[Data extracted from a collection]

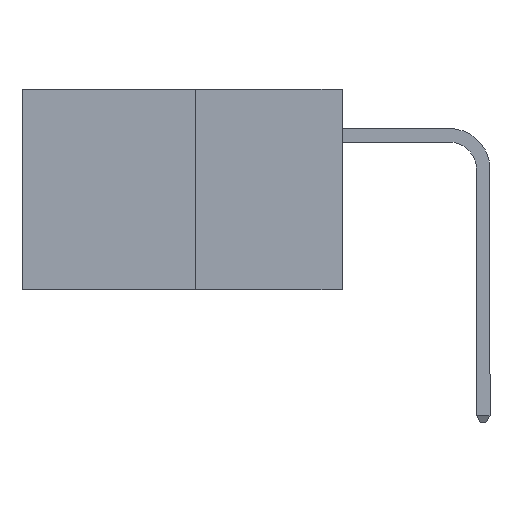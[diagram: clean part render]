
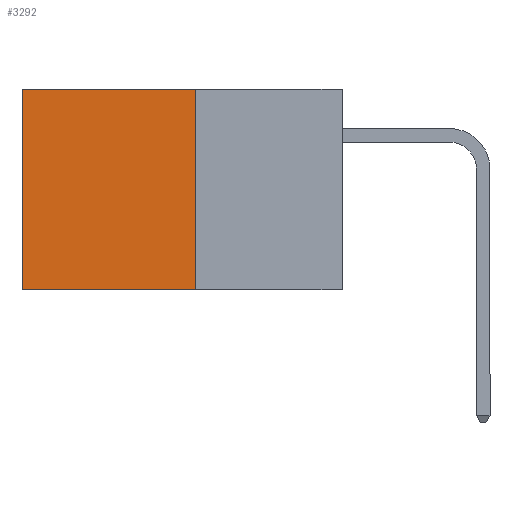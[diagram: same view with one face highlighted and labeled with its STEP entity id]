
A CAD part, left-side view. The second image highlights one B-rep face of the part: STEP entity #3292.
In plain terms, the highlighted planar face has unit normal (-1, 0, 0).
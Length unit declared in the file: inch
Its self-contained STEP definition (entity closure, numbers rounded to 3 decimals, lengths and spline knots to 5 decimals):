
#45 = VECTOR ( 'NONE', #4795, 39.37008 ) ;
#452 = AXIS2_PLACEMENT_3D ( 'NONE', #4695, #4664, #4633 ) ;
#550 = VECTOR ( 'NONE', #6474, 39.37008 ) ;
#812 = VERTEX_POINT ( 'NONE', #9827 ) ;
#957 = ORIENTED_EDGE ( 'NONE', *, *, #10505, .F. ) ;
#1854 = ORIENTED_EDGE ( 'NONE', *, *, #6190, .T. ) ;
#2268 = VECTOR ( 'NONE', #4887, 39.37008 ) ;
#2279 = VERTEX_POINT ( 'NONE', #10523 ) ;
#2362 = DIRECTION ( 'NONE',  ( 0., 0., -1. ) ) ;
#2400 = CARTESIAN_POINT ( 'NONE',  ( 0.277, 0.59, -0.37 ) ) ;
#3292 = ADVANCED_FACE ( 'NONE', ( #7078 ), #4722, .F. ) ;
#4035 = CARTESIAN_POINT ( 'NONE',  ( 0.277, 0.27, 0. ) ) ;
#4633 = DIRECTION ( 'NONE',  ( 0., 0., -1. ) ) ;
#4637 = ORIENTED_EDGE ( 'NONE', *, *, #7123, .F. ) ;
#4664 = DIRECTION ( 'NONE',  ( 1., 0., 0. ) ) ;
#4695 = CARTESIAN_POINT ( 'NONE',  ( 0.277, 0.27, -0.37 ) ) ;
#4722 = PLANE ( 'NONE',  #452 ) ;
#4795 = DIRECTION ( 'NONE',  ( 0., 1., 0. ) ) ;
#4887 = DIRECTION ( 'NONE',  ( 0., 1., 0. ) ) ;
#4921 = CARTESIAN_POINT ( 'NONE',  ( 0.277, 0.27, 0. ) ) ;
#5599 = VERTEX_POINT ( 'NONE', #5642 ) ;
#5642 = CARTESIAN_POINT ( 'NONE',  ( 0.277, 0.59, 0. ) ) ;
#6190 = EDGE_CURVE ( 'NONE', #5599, #2279, #10270, .T. ) ;
#6395 = EDGE_LOOP ( 'NONE', ( #1854, #4637, #957, #10690 ) ) ;
#6474 = DIRECTION ( 'NONE',  ( 0., 0., -1. ) ) ;
#7078 = FACE_OUTER_BOUND ( 'NONE', #6395, .T. ) ;
#7123 = EDGE_CURVE ( 'NONE', #812, #2279, #10590, .T. ) ;
#7266 = LINE ( 'NONE', #10465, #550 ) ;
#8161 = VECTOR ( 'NONE', #2362, 39.37008 ) ;
#8775 = LINE ( 'NONE', #4035, #2268 ) ;
#9648 = CARTESIAN_POINT ( 'NONE',  ( 0.277, 0.27, -0.37 ) ) ;
#9827 = CARTESIAN_POINT ( 'NONE',  ( 0.277, 0.27, -0.37 ) ) ;
#9910 = EDGE_CURVE ( 'NONE', #9930, #5599, #8775, .T. ) ;
#9930 = VERTEX_POINT ( 'NONE', #4921 ) ;
#10270 = LINE ( 'NONE', #2400, #8161 ) ;
#10465 = CARTESIAN_POINT ( 'NONE',  ( 0.277, 0.27, -0.37 ) ) ;
#10505 = EDGE_CURVE ( 'NONE', #9930, #812, #7266, .T. ) ;
#10523 = CARTESIAN_POINT ( 'NONE',  ( 0.277, 0.59, -0.37 ) ) ;
#10590 = LINE ( 'NONE', #9648, #45 ) ;
#10690 = ORIENTED_EDGE ( 'NONE', *, *, #9910, .T. ) ;
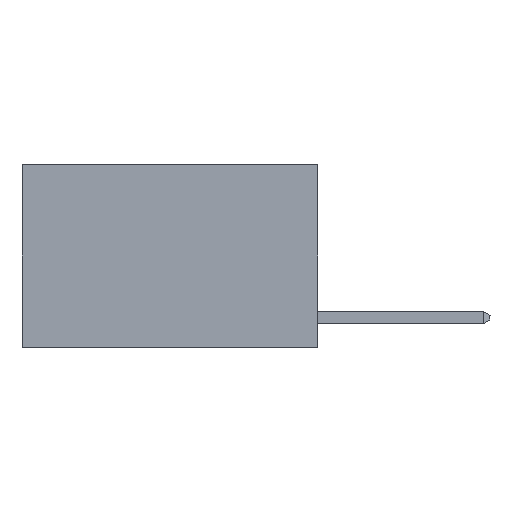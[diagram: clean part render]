
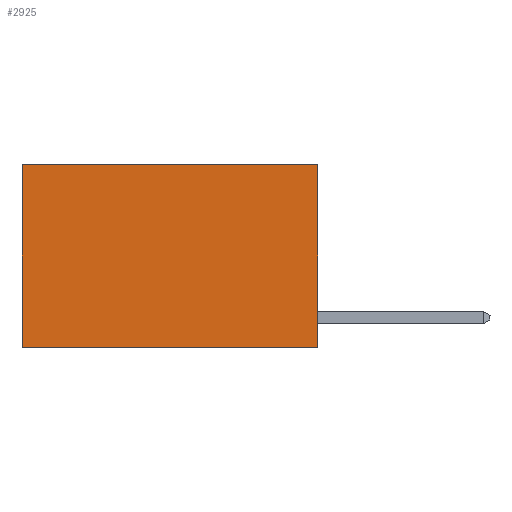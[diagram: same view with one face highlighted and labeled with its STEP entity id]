
A CAD part, left-side view. The second image highlights one B-rep face of the part: STEP entity #2925.
In plain terms, the highlighted planar face has unit normal (-1, 0, 0).
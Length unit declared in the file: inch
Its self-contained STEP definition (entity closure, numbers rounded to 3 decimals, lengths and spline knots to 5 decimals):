
#160 = LINE ( 'NONE', #23060, #867 ) ;
#256 = FACE_OUTER_BOUND ( 'NONE', #16011, .T. ) ;
#867 = VECTOR ( 'NONE', #7818, 39.37008 ) ;
#1208 = LINE ( 'NONE', #14873, #21276 ) ;
#1552 = AXIS2_PLACEMENT_3D ( 'NONE', #7793, #8040, #8165 ) ;
#2632 = LINE ( 'NONE', #18080, #22893 ) ;
#2925 = ADVANCED_FACE ( 'NONE', ( #256 ), #19738, .F. ) ;
#3023 = CARTESIAN_POINT ( 'NONE',  ( 0.2625, 0.6, 0. ) ) ;
#4790 = VERTEX_POINT ( 'NONE', #8946 ) ;
#7622 = VERTEX_POINT ( 'NONE', #3023 ) ;
#7793 = CARTESIAN_POINT ( 'NONE',  ( 0.2625, 0., 0. ) ) ;
#7818 = DIRECTION ( 'NONE',  ( 0., 0., -1. ) ) ;
#8040 = DIRECTION ( 'NONE',  ( 1., 0., 0. ) ) ;
#8165 = DIRECTION ( 'NONE',  ( 0., 0., -1. ) ) ;
#8946 = CARTESIAN_POINT ( 'NONE',  ( 0.2625, 0., -0.37 ) ) ;
#9240 = DIRECTION ( 'NONE',  ( 0., 0., -1. ) ) ;
#9396 = VERTEX_POINT ( 'NONE', #16529 ) ;
#10204 = DIRECTION ( 'NONE',  ( 0., 1., 0. ) ) ;
#10608 = ORIENTED_EDGE ( 'NONE', *, *, #13462, .T. ) ;
#12801 = VERTEX_POINT ( 'NONE', #24430 ) ;
#13462 = EDGE_CURVE ( 'NONE', #9396, #7622, #2632, .T. ) ;
#14699 = ORIENTED_EDGE ( 'NONE', *, *, #19508, .T. ) ;
#14873 = CARTESIAN_POINT ( 'NONE',  ( 0.2625, 0., 0. ) ) ;
#16011 = EDGE_LOOP ( 'NONE', ( #14699, #24139, #19021, #10608 ) ) ;
#16529 = CARTESIAN_POINT ( 'NONE',  ( 0.2625, 0., 0. ) ) ;
#16691 = EDGE_CURVE ( 'NONE', #9396, #4790, #1208, .T. ) ;
#17285 = CARTESIAN_POINT ( 'NONE',  ( 0.2625, 0., -0.37 ) ) ;
#18080 = CARTESIAN_POINT ( 'NONE',  ( 0.2625, 0., 0. ) ) ;
#18580 = VECTOR ( 'NONE', #10204, 39.37008 ) ;
#19021 = ORIENTED_EDGE ( 'NONE', *, *, #16691, .F. ) ;
#19198 = LINE ( 'NONE', #17285, #18580 ) ;
#19508 = EDGE_CURVE ( 'NONE', #7622, #12801, #160, .T. ) ;
#19738 = PLANE ( 'NONE',  #1552 ) ;
#19877 = DIRECTION ( 'NONE',  ( 0., 1., 0. ) ) ;
#21276 = VECTOR ( 'NONE', #9240, 39.37008 ) ;
#22893 = VECTOR ( 'NONE', #19877, 39.37008 ) ;
#22922 = EDGE_CURVE ( 'NONE', #4790, #12801, #19198, .T. ) ;
#23060 = CARTESIAN_POINT ( 'NONE',  ( 0.2625, 0.6, 0. ) ) ;
#24139 = ORIENTED_EDGE ( 'NONE', *, *, #22922, .F. ) ;
#24430 = CARTESIAN_POINT ( 'NONE',  ( 0.2625, 0.6, -0.37 ) ) ;
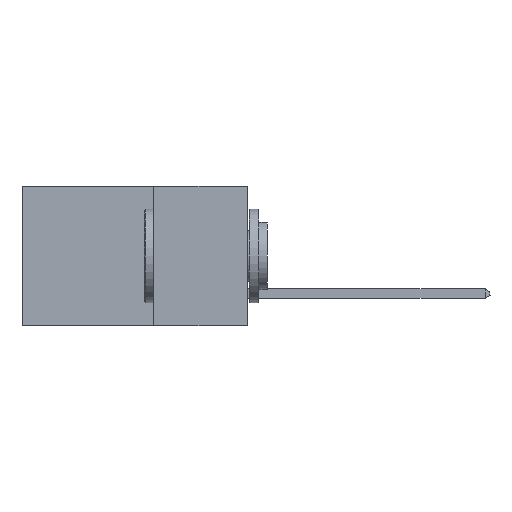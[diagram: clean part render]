
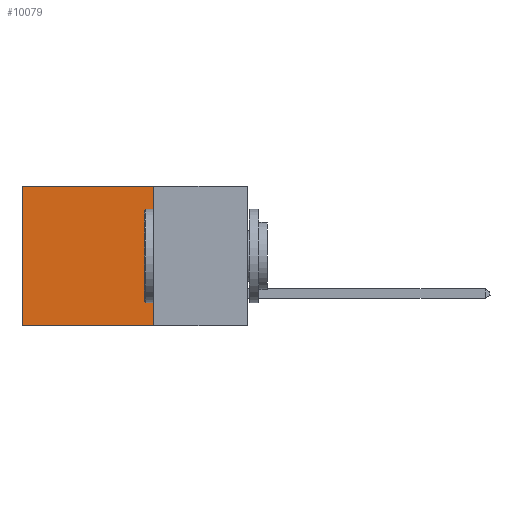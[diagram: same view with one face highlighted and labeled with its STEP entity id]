
A CAD part, left-side view. The second image highlights one B-rep face of the part: STEP entity #10079.
In plain terms, the highlighted planar face has unit normal (-1, 0, 0).
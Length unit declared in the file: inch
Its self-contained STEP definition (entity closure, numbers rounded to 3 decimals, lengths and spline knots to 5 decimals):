
#340 = CARTESIAN_POINT ( 'NONE',  ( 0.298, 0.25, 0. ) ) ;
#511 = VECTOR ( 'NONE', #9169, 39.37008 ) ;
#630 = EDGE_CURVE ( 'NONE', #2994, #9296, #11918, .T. ) ;
#869 = LINE ( 'NONE', #9020, #511 ) ;
#1160 = EDGE_CURVE ( 'NONE', #4625, #1222, #869, .T. ) ;
#1222 = VERTEX_POINT ( 'NONE', #9934 ) ;
#1506 = DIRECTION ( 'NONE',  ( 0., 1., 0. ) ) ;
#2574 = EDGE_CURVE ( 'NONE', #9296, #1222, #8352, .T. ) ;
#2665 = FACE_OUTER_BOUND ( 'NONE', #13665, .T. ) ;
#2994 = VERTEX_POINT ( 'NONE', #11503 ) ;
#3616 = ORIENTED_EDGE ( 'NONE', *, *, #5829, .T. ) ;
#3682 = VECTOR ( 'NONE', #1506, 39.37008 ) ;
#4625 = VERTEX_POINT ( 'NONE', #12236 ) ;
#4704 = LINE ( 'NONE', #340, #3682 ) ;
#4708 = CARTESIAN_POINT ( 'NONE',  ( 0.298, 0.25, -0.37 ) ) ;
#5829 = EDGE_CURVE ( 'NONE', #2994, #4625, #4704, .T. ) ;
#7348 = PLANE ( 'NONE',  #11404 ) ;
#8230 = CARTESIAN_POINT ( 'NONE',  ( 0.298, 0.25, -0.37 ) ) ;
#8302 = DIRECTION ( 'NONE',  ( 0., 0., -1. ) ) ;
#8352 = LINE ( 'NONE', #8230, #12936 ) ;
#8401 = CARTESIAN_POINT ( 'NONE',  ( 0.298, 0.25, 0. ) ) ;
#8463 = DIRECTION ( 'NONE',  ( 0., 0., -1. ) ) ;
#9020 = CARTESIAN_POINT ( 'NONE',  ( 0.298, 0.6, 0. ) ) ;
#9169 = DIRECTION ( 'NONE',  ( 0., 0., -1. ) ) ;
#9243 = ORIENTED_EDGE ( 'NONE', *, *, #630, .F. ) ;
#9296 = VERTEX_POINT ( 'NONE', #4708 ) ;
#9634 = CARTESIAN_POINT ( 'NONE',  ( 0.298, 0.25, 0. ) ) ;
#9716 = ORIENTED_EDGE ( 'NONE', *, *, #1160, .T. ) ;
#9934 = CARTESIAN_POINT ( 'NONE',  ( 0.298, 0.6, -0.37 ) ) ;
#10079 = ADVANCED_FACE ( 'NONE', ( #2665 ), #7348, .F. ) ;
#10472 = DIRECTION ( 'NONE',  ( 0., 1., 0. ) ) ;
#10507 = DIRECTION ( 'NONE',  ( 1., 0., 0. ) ) ;
#11404 = AXIS2_PLACEMENT_3D ( 'NONE', #8401, #10507, #8302 ) ;
#11456 = ORIENTED_EDGE ( 'NONE', *, *, #2574, .F. ) ;
#11503 = CARTESIAN_POINT ( 'NONE',  ( 0.298, 0.25, 0. ) ) ;
#11918 = LINE ( 'NONE', #9634, #12436 ) ;
#12236 = CARTESIAN_POINT ( 'NONE',  ( 0.298, 0.6, 0. ) ) ;
#12436 = VECTOR ( 'NONE', #8463, 39.37008 ) ;
#12936 = VECTOR ( 'NONE', #10472, 39.37008 ) ;
#13665 = EDGE_LOOP ( 'NONE', ( #9716, #11456, #9243, #3616 ) ) ;

▶ Task to complete
Above are the records; from them, give again exactly the lines from the one containing "#9396 = VERTEX_POINT ( 'NONE', #16529 ) ;" through the one containing "#22922 = EDGE_CURVE", both included.

▶ Written answer
#9396 = VERTEX_POINT ( 'NONE', #16529 ) ;
#10204 = DIRECTION ( 'NONE',  ( 0., 1., 0. ) ) ;
#10608 = ORIENTED_EDGE ( 'NONE', *, *, #13462, .T. ) ;
#12801 = VERTEX_POINT ( 'NONE', #24430 ) ;
#13462 = EDGE_CURVE ( 'NONE', #9396, #7622, #2632, .T. ) ;
#14699 = ORIENTED_EDGE ( 'NONE', *, *, #19508, .T. ) ;
#14873 = CARTESIAN_POINT ( 'NONE',  ( 0.2625, 0., 0. ) ) ;
#16011 = EDGE_LOOP ( 'NONE', ( #14699, #24139, #19021, #10608 ) ) ;
#16529 = CARTESIAN_POINT ( 'NONE',  ( 0.2625, 0., 0. ) ) ;
#16691 = EDGE_CURVE ( 'NONE', #9396, #4790, #1208, .T. ) ;
#17285 = CARTESIAN_POINT ( 'NONE',  ( 0.2625, 0., -0.37 ) ) ;
#18080 = CARTESIAN_POINT ( 'NONE',  ( 0.2625, 0., 0. ) ) ;
#18580 = VECTOR ( 'NONE', #10204, 39.37008 ) ;
#19021 = ORIENTED_EDGE ( 'NONE', *, *, #16691, .F. ) ;
#19198 = LINE ( 'NONE', #17285, #18580 ) ;
#19508 = EDGE_CURVE ( 'NONE', #7622, #12801, #160, .T. ) ;
#19738 = PLANE ( 'NONE',  #1552 ) ;
#19877 = DIRECTION ( 'NONE',  ( 0., 1., 0. ) ) ;
#21276 = VECTOR ( 'NONE', #9240, 39.37008 ) ;
#22893 = VECTOR ( 'NONE', #19877, 39.37008 ) ;
#22922 = EDGE_CURVE ( 'NONE', #4790, #12801, #19198, .T. ) ;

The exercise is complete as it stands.